Background: To investigate the prevalence, treatment and control of hypertension in inpatients with CKD from a nationwide, multicenter study in China. Design and Methods: The present study is a cross-sectional survey among a nationwide investigation based on 61 big hospitals of 31 province, municipalities and autonomous regions in China. All demographic, socioeconomic, clinical data and antihypertensive medications were collected by trained physicians using a standardized protocol. Hypertension was defined as systolic blood pressure ≥140mmHg and/or diastolic blood pressure 90mmHg, and/or reported hypertension and/or antihypertensive medication use. <130/80mmHg was taken as the threshold blood pressure of hypertensive control. Multivariable logistic regression was used to explore the factors associated inadequate control of hypertension in inpatients with CKD. Results: 10582 eligible participants were analyzed.

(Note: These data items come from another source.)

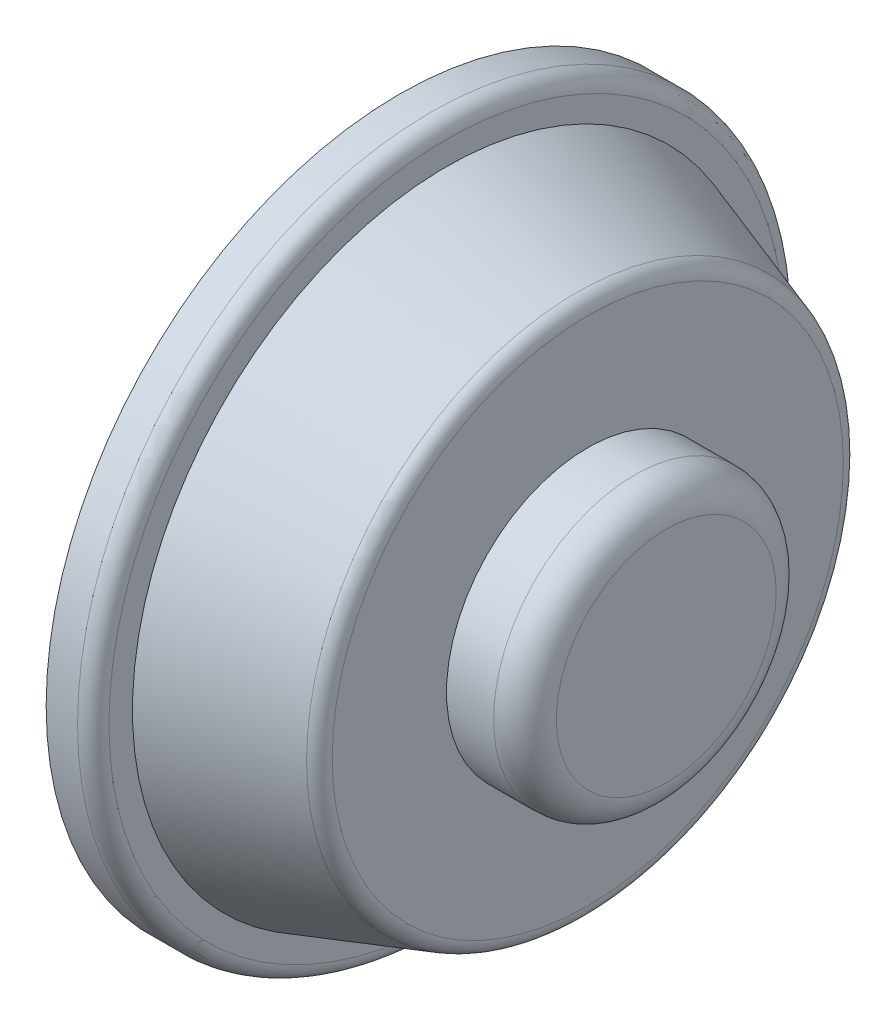
ISO-10303-21;
HEADER;
FILE_DESCRIPTION(('STEP AP214'),'2;1');
FILE_NAME('part.step','',(''),(''),'','','');
FILE_SCHEMA(('AUTOMOTIVE_DESIGN { 1 0 10303 214 1 1 1 1 }'));
ENDSEC;
DATA;
#1=APPLICATION_CONTEXT('core data for automotive mechanical design processes');
#2=APPLICATION_PROTOCOL_DEFINITION('international standard','automotive_design',2000,#1);
#3=PRODUCT_CONTEXT('',#1,'mechanical');
#4=PRODUCT('Part','Part','',(#3));
#5=PRODUCT_RELATED_PRODUCT_CATEGORY('part','',(#4));
#6=PRODUCT_DEFINITION_FORMATION('','',#4);
#7=PRODUCT_DEFINITION_CONTEXT('part definition',#1,'design');
#8=PRODUCT_DEFINITION('design','',#6,#7);
#9=PRODUCT_DEFINITION_SHAPE('','',#8);
#10=(LENGTH_UNIT() NAMED_UNIT(*) SI_UNIT(.MILLI.,.METRE.));
#11=(NAMED_UNIT(*) PLANE_ANGLE_UNIT() SI_UNIT($,.RADIAN.));
#12=(NAMED_UNIT(*) SI_UNIT($,.STERADIAN.) SOLID_ANGLE_UNIT());
#13=UNCERTAINTY_MEASURE_WITH_UNIT(LENGTH_MEASURE(1.E-05),#10,'distance_accuracy_value','');
#14=(GEOMETRIC_REPRESENTATION_CONTEXT(3) GLOBAL_UNCERTAINTY_ASSIGNED_CONTEXT((#13)) GLOBAL_UNIT_ASSIGNED_CONTEXT((#10,
#11,#12)) REPRESENTATION_CONTEXT('',''));
#15=CARTESIAN_POINT('',(0.,0.,0.));
#16=DIRECTION('',(0.,0.,1.));
#17=DIRECTION('',(1.,0.,0.));
#18=AXIS2_PLACEMENT_3D('',#15,#16,#17);
#19=CARTESIAN_POINT('',(3.,0.,0.));
#20=DIRECTION('',(1.,0.,0.));
#21=DIRECTION('',(0.,0.,-1.));
#22=AXIS2_PLACEMENT_3D('',#19,#20,#21);
#23=PLANE('',#22);
#24=CARTESIAN_POINT('',(3.,0.,0.));
#25=DIRECTION('',(1.,0.,0.));
#26=DIRECTION('',(0.,0.,-1.));
#27=AXIS2_PLACEMENT_3D('',#24,#25,#26);
#28=CIRCLE('',#27,21.5);
#29=CARTESIAN_POINT('',(3.,0.,-21.5));
#30=VERTEX_POINT('',#29);
#31=EDGE_CURVE('E70',#30,#30,#28,.T.);
#32=ORIENTED_EDGE('',*,*,#31,.T.);
#33=EDGE_LOOP('',(#32));
#34=FACE_BOUND('',#33,.T.);
#35=CARTESIAN_POINT('',(3.,0.,0.));
#36=DIRECTION('',(1.,0.,0.));
#37=DIRECTION('',(0.,0.,-1.));
#38=AXIS2_PLACEMENT_3D('',#35,#36,#37);
#39=CIRCLE('',#38,20.);
#40=CARTESIAN_POINT('',(3.,0.,-20.));
#41=VERTEX_POINT('',#40);
#42=EDGE_CURVE('E83',#41,#41,#39,.T.);
#43=ORIENTED_EDGE('',*,*,#42,.F.);
#44=EDGE_LOOP('',(#43));
#45=FACE_BOUND('',#44,.T.);
#46=ADVANCED_FACE('F47',(#34,#45),#23,.T.);
#47=CARTESIAN_POINT('',(3.,0.,0.));
#48=DIRECTION('',(-1.,0.,0.));
#49=DIRECTION('',(0.,0.,1.));
#50=AXIS2_PLACEMENT_3D('',#47,#48,#49);
#51=CYLINDRICAL_SURFACE('',#50,22.5);
#52=CARTESIAN_POINT('',(2.,0.,0.));
#53=DIRECTION('',(1.,0.,0.));
#54=DIRECTION('',(0.,0.,-1.));
#55=AXIS2_PLACEMENT_3D('',#52,#53,#54);
#56=CIRCLE('',#55,22.5);
#57=CARTESIAN_POINT('',(2.,0.,-22.5));
#58=VERTEX_POINT('',#57);
#59=EDGE_CURVE('E67',#58,#58,#56,.F.);
#60=ORIENTED_EDGE('',*,*,#59,.T.);
#61=EDGE_LOOP('',(#60));
#62=FACE_BOUND('',#61,.T.);
#63=CARTESIAN_POINT('',(0.,0.,0.));
#64=DIRECTION('',(1.,0.,0.));
#65=DIRECTION('',(0.,0.,-1.));
#66=AXIS2_PLACEMENT_3D('',#63,#64,#65);
#67=CIRCLE('',#66,22.5);
#68=CARTESIAN_POINT('',(0.,0.,-22.5));
#69=VERTEX_POINT('',#68);
#70=EDGE_CURVE('E80',#69,#69,#67,.T.);
#71=ORIENTED_EDGE('',*,*,#70,.T.);
#72=EDGE_LOOP('',(#71));
#73=FACE_BOUND('',#72,.T.);
#74=ADVANCED_FACE('F108',(#62,#73),#51,.T.);
#75=CARTESIAN_POINT('',(0.,0.,0.));
#76=DIRECTION('',(1.,0.,0.));
#77=DIRECTION('',(0.,0.,-1.));
#78=AXIS2_PLACEMENT_3D('',#75,#76,#77);
#79=PLANE('',#78);
#80=CARTESIAN_POINT('',(0.,0.,0.));
#81=DIRECTION('',(-1.,0.,0.));
#82=DIRECTION('',(0.,0.,1.));
#83=AXIS2_PLACEMENT_3D('',#80,#81,#82);
#84=CIRCLE('',#83,21.);
#85=CARTESIAN_POINT('',(0.,0.,21.));
#86=VERTEX_POINT('',#85);
#87=EDGE_CURVE('E86',#86,#86,#84,.T.);
#88=ORIENTED_EDGE('',*,*,#87,.F.);
#89=EDGE_LOOP('',(#88));
#90=FACE_BOUND('',#89,.T.);
#91=ORIENTED_EDGE('',*,*,#70,.F.);
#92=EDGE_LOOP('',(#91));
#93=FACE_BOUND('',#92,.T.);
#94=ADVANCED_FACE('F104',(#90,#93),#79,.F.);
#95=CARTESIAN_POINT('',(12.,0.,0.));
#96=DIRECTION('',(1.,0.,0.));
#97=DIRECTION('',(0.,0.,-1.));
#98=AXIS2_PLACEMENT_3D('',#95,#96,#97);
#99=PLANE('',#98);
#100=CARTESIAN_POINT('',(12.,0.,0.));
#101=DIRECTION('',(1.,0.,0.));
#102=DIRECTION('',(0.,0.,-1.));
#103=AXIS2_PLACEMENT_3D('',#100,#101,#102);
#104=CIRCLE('',#103,16.2792407799439);
#105=CARTESIAN_POINT('',(12.,0.,-16.2792407799439));
#106=VERTEX_POINT('',#105);
#107=EDGE_CURVE('E62',#106,#106,#104,.T.);
#108=ORIENTED_EDGE('',*,*,#107,.T.);
#109=EDGE_LOOP('',(#108));
#110=FACE_BOUND('',#109,.T.);
#111=CARTESIAN_POINT('',(12.,0.,0.));
#112=DIRECTION('',(1.,0.,0.));
#113=DIRECTION('',(0.,0.,-1.));
#114=AXIS2_PLACEMENT_3D('',#111,#112,#113);
#115=CIRCLE('',#114,9.);
#116=CARTESIAN_POINT('',(12.,0.,-9.));
#117=VERTEX_POINT('',#116);
#118=EDGE_CURVE('E79',#117,#117,#115,.T.);
#119=ORIENTED_EDGE('',*,*,#118,.F.);
#120=EDGE_LOOP('',(#119));
#121=FACE_BOUND('',#120,.T.);
#122=ADVANCED_FACE('F107',(#110,#121),#99,.T.);
#123=CARTESIAN_POINT('',(12.,0.,0.));
#124=DIRECTION('',(-1.,0.,0.));
#125=DIRECTION('',(0.,0.,1.));
#126=AXIS2_PLACEMENT_3D('',#123,#124,#125);
#127=CONICAL_SURFACE('',#126,17.,0.321750554396642);
#128=CARTESIAN_POINT('',(11.3162277660168,0.,0.));
#129=DIRECTION('',(1.,0.,0.));
#130=DIRECTION('',(0.,0.,-1.));
#131=AXIS2_PLACEMENT_3D('',#128,#129,#130);
#132=CIRCLE('',#131,17.2279240779944);
#133=CARTESIAN_POINT('',(11.3162277660168,0.,-17.2279240779944));
#134=VERTEX_POINT('',#133);
#135=EDGE_CURVE('E58',#134,#134,#132,.F.);
#136=ORIENTED_EDGE('',*,*,#135,.T.);
#137=EDGE_LOOP('',(#136));
#138=FACE_BOUND('',#137,.T.);
#139=ORIENTED_EDGE('',*,*,#42,.T.);
#140=EDGE_LOOP('',(#139));
#141=FACE_BOUND('',#140,.T.);
#142=ADVANCED_FACE('F139',(#138,#141),#127,.T.);
#143=CARTESIAN_POINT('',(17.,0.,0.));
#144=DIRECTION('',(-1.,0.,0.));
#145=DIRECTION('',(0.,0.,1.));
#146=AXIS2_PLACEMENT_3D('',#143,#144,#145);
#147=CYLINDRICAL_SURFACE('',#146,9.);
#148=CARTESIAN_POINT('',(15.,0.,0.));
#149=DIRECTION('',(1.,0.,0.));
#150=DIRECTION('',(0.,0.,-1.));
#151=AXIS2_PLACEMENT_3D('',#148,#149,#150);
#152=CIRCLE('',#151,9.);
#153=CARTESIAN_POINT('',(15.,0.,-9.));
#154=VERTEX_POINT('',#153);
#155=EDGE_CURVE('E73',#154,#154,#152,.F.);
#156=ORIENTED_EDGE('',*,*,#155,.T.);
#157=EDGE_LOOP('',(#156));
#158=FACE_BOUND('',#157,.T.);
#159=ORIENTED_EDGE('',*,*,#118,.T.);
#160=EDGE_LOOP('',(#159));
#161=FACE_BOUND('',#160,.T.);
#162=ADVANCED_FACE('F143',(#158,#161),#147,.T.);
#163=CARTESIAN_POINT('',(17.,0.,0.));
#164=DIRECTION('',(1.,0.,0.));
#165=DIRECTION('',(0.,0.,-1.));
#166=AXIS2_PLACEMENT_3D('',#163,#164,#165);
#167=PLANE('',#166);
#168=CARTESIAN_POINT('',(17.,0.,0.));
#169=DIRECTION('',(1.,0.,0.));
#170=DIRECTION('',(0.,0.,-1.));
#171=AXIS2_PLACEMENT_3D('',#168,#169,#170);
#172=CIRCLE('',#171,7.);
#173=CARTESIAN_POINT('',(17.,0.,-7.));
#174=VERTEX_POINT('',#173);
#175=EDGE_CURVE('E76',#174,#174,#172,.T.);
#176=ORIENTED_EDGE('',*,*,#175,.T.);
#177=EDGE_LOOP('',(#176));
#178=FACE_BOUND('',#177,.T.);
#179=ADVANCED_FACE('F126',(#178),#167,.T.);
#180=CARTESIAN_POINT('',(15.,0.,0.));
#181=DIRECTION('',(1.,0.,0.));
#182=DIRECTION('',(0.,0.,-1.));
#183=AXIS2_PLACEMENT_3D('',#180,#181,#182);
#184=TOROIDAL_SURFACE('',#183,7.,2.);
#185=ORIENTED_EDGE('',*,*,#155,.F.);
#186=EDGE_LOOP('',(#185));
#187=FACE_BOUND('',#186,.T.);
#188=ORIENTED_EDGE('',*,*,#175,.F.);
#189=EDGE_LOOP('',(#188));
#190=FACE_BOUND('',#189,.T.);
#191=ADVANCED_FACE('F122',(#187,#190),#184,.T.);
#192=CARTESIAN_POINT('',(2.,0.,0.));
#193=DIRECTION('',(1.,0.,0.));
#194=DIRECTION('',(0.,0.,-1.));
#195=AXIS2_PLACEMENT_3D('',#192,#193,#194);
#196=TOROIDAL_SURFACE('',#195,21.5,1.);
#197=ORIENTED_EDGE('',*,*,#59,.F.);
#198=EDGE_LOOP('',(#197));
#199=FACE_BOUND('',#198,.T.);
#200=ORIENTED_EDGE('',*,*,#31,.F.);
#201=EDGE_LOOP('',(#200));
#202=FACE_BOUND('',#201,.T.);
#203=ADVANCED_FACE('F125',(#199,#202),#196,.T.);
#204=CARTESIAN_POINT('',(11.,0.,0.));
#205=DIRECTION('',(1.,0.,0.));
#206=DIRECTION('',(0.,0.,-1.));
#207=AXIS2_PLACEMENT_3D('',#204,#205,#206);
#208=TOROIDAL_SURFACE('',#207,16.2792407799439,1.);
#209=ORIENTED_EDGE('',*,*,#135,.F.);
#210=EDGE_LOOP('',(#209));
#211=FACE_BOUND('',#210,.T.);
#212=ORIENTED_EDGE('',*,*,#107,.F.);
#213=EDGE_LOOP('',(#212));
#214=FACE_BOUND('',#213,.T.);
#215=ADVANCED_FACE('F100',(#211,#214),#208,.T.);
#216=CARTESIAN_POINT('',(2.,0.,0.));
#217=DIRECTION('',(-1.,0.,0.));
#218=DIRECTION('',(0.,0.,1.));
#219=AXIS2_PLACEMENT_3D('',#216,#217,#218);
#220=CYLINDRICAL_SURFACE('',#219,21.);
#221=CARTESIAN_POINT('',(1.,0.,0.));
#222=DIRECTION('',(-1.,0.,0.));
#223=DIRECTION('',(0.,0.,1.));
#224=AXIS2_PLACEMENT_3D('',#221,#222,#223);
#225=CIRCLE('',#224,21.);
#226=CARTESIAN_POINT('',(1.,0.,21.));
#227=VERTEX_POINT('',#226);
#228=EDGE_CURVE('E91',#227,#227,#225,.T.);
#229=ORIENTED_EDGE('',*,*,#228,.F.);
#230=EDGE_LOOP('',(#229));
#231=FACE_BOUND('',#230,.T.);
#232=ORIENTED_EDGE('',*,*,#87,.T.);
#233=EDGE_LOOP('',(#232));
#234=FACE_BOUND('',#233,.T.);
#235=ADVANCED_FACE('F97',(#231,#234),#220,.F.);
#236=CARTESIAN_POINT('',(1.,0.,0.));
#237=DIRECTION('',(-1.,0.,0.));
#238=DIRECTION('',(0.,0.,1.));
#239=AXIS2_PLACEMENT_3D('',#236,#237,#238);
#240=PLANE('',#239);
#241=CARTESIAN_POINT('',(1.,0.,0.));
#242=DIRECTION('',(-1.,0.,0.));
#243=DIRECTION('',(0.,0.,1.));
#244=AXIS2_PLACEMENT_3D('',#241,#242,#243);
#245=CIRCLE('',#244,19.3166247903554);
#246=CARTESIAN_POINT('',(1.,0.,19.3166247903554));
#247=VERTEX_POINT('',#246);
#248=EDGE_CURVE('E11',#247,#247,#245,.F.);
#249=ORIENTED_EDGE('',*,*,#248,.T.);
#250=EDGE_LOOP('',(#249));
#251=FACE_BOUND('',#250,.T.);
#252=ORIENTED_EDGE('',*,*,#228,.T.);
#253=EDGE_LOOP('',(#252));
#254=FACE_BOUND('',#253,.T.);
#255=ADVANCED_FACE('F95',(#251,#254),#240,.T.);
#256=CARTESIAN_POINT('',(2.,0.,0.));
#257=DIRECTION('',(-1.,0.,0.));
#258=DIRECTION('',(0.,0.,1.));
#259=AXIS2_PLACEMENT_3D('',#256,#257,#258);
#260=PLANE('',#259);
#261=CARTESIAN_POINT('',(2.,0.,0.));
#262=DIRECTION('',(-1.,0.,0.));
#263=DIRECTION('',(0.,0.,1.));
#264=AXIS2_PLACEMENT_3D('',#261,#262,#263);
#265=CIRCLE('',#264,16.);
#266=CARTESIAN_POINT('',(2.,0.,16.));
#267=VERTEX_POINT('',#266);
#268=EDGE_CURVE('E54',#267,#267,#265,.F.);
#269=ORIENTED_EDGE('',*,*,#268,.F.);
#270=EDGE_LOOP('',(#269));
#271=FACE_BOUND('',#270,.T.);
#272=ADVANCED_FACE('F156',(#271),#260,.T.);
#273=CARTESIAN_POINT('',(7.,0.,0.));
#274=DIRECTION('',(-1.,0.,0.));
#275=DIRECTION('',(0.,0.,1.));
#276=AXIS2_PLACEMENT_3D('',#273,#274,#275);
#277=TOROIDAL_SURFACE('',#276,19.3166247903554,6.);
#278=ORIENTED_EDGE('',*,*,#248,.F.);
#279=EDGE_LOOP('',(#278));
#280=FACE_BOUND('',#279,.T.);
#281=ORIENTED_EDGE('',*,*,#268,.T.);
#282=EDGE_LOOP('',(#281));
#283=FACE_BOUND('',#282,.T.);
#284=ADVANCED_FACE('F49',(#280,#283),#277,.T.);
#285=CLOSED_SHELL('',(#46,#74,#94,#122,#142,#162,#179,#191,#203,#215,#235,#255,#272,#284));
#286=MANIFOLD_SOLID_BREP('B2',#285);
#287=ADVANCED_BREP_SHAPE_REPRESENTATION('',(#18,#286),#14);
#288=SHAPE_DEFINITION_REPRESENTATION(#9,#287);
ENDSEC;
END-ISO-10303-21;

The prevalence of hypertension was 71.4%, and 87.8% were aware of hypertension diagnosis and 83.7% had been treated with antihypertensive drugs before their hospital admission. 13.9% had controlled blood pressure on the day of admission, and 26.0% had controlled blood pressure on the day before leaving hospital. In hospital, 34.9%, 33.5%, 21.0% and 10.6% used 1, 2, 3 and ≥4 antihypertensive drugs. After multivariable adjusted, CKD4 stage, CKD5 stage, obesity, diabetes, high-salt diet history of smoking, existing hypertension >5 years, and proteinuriawere independently associated with inadequate blood pressure control. Conclusions: The prevalence of hypertension was high, but the control of hypertension was poor in Chinese CKD inpatients. Inadequate combined antihypertensive medication and life-style modification might be the major reasons for suboptimal blood pressure control.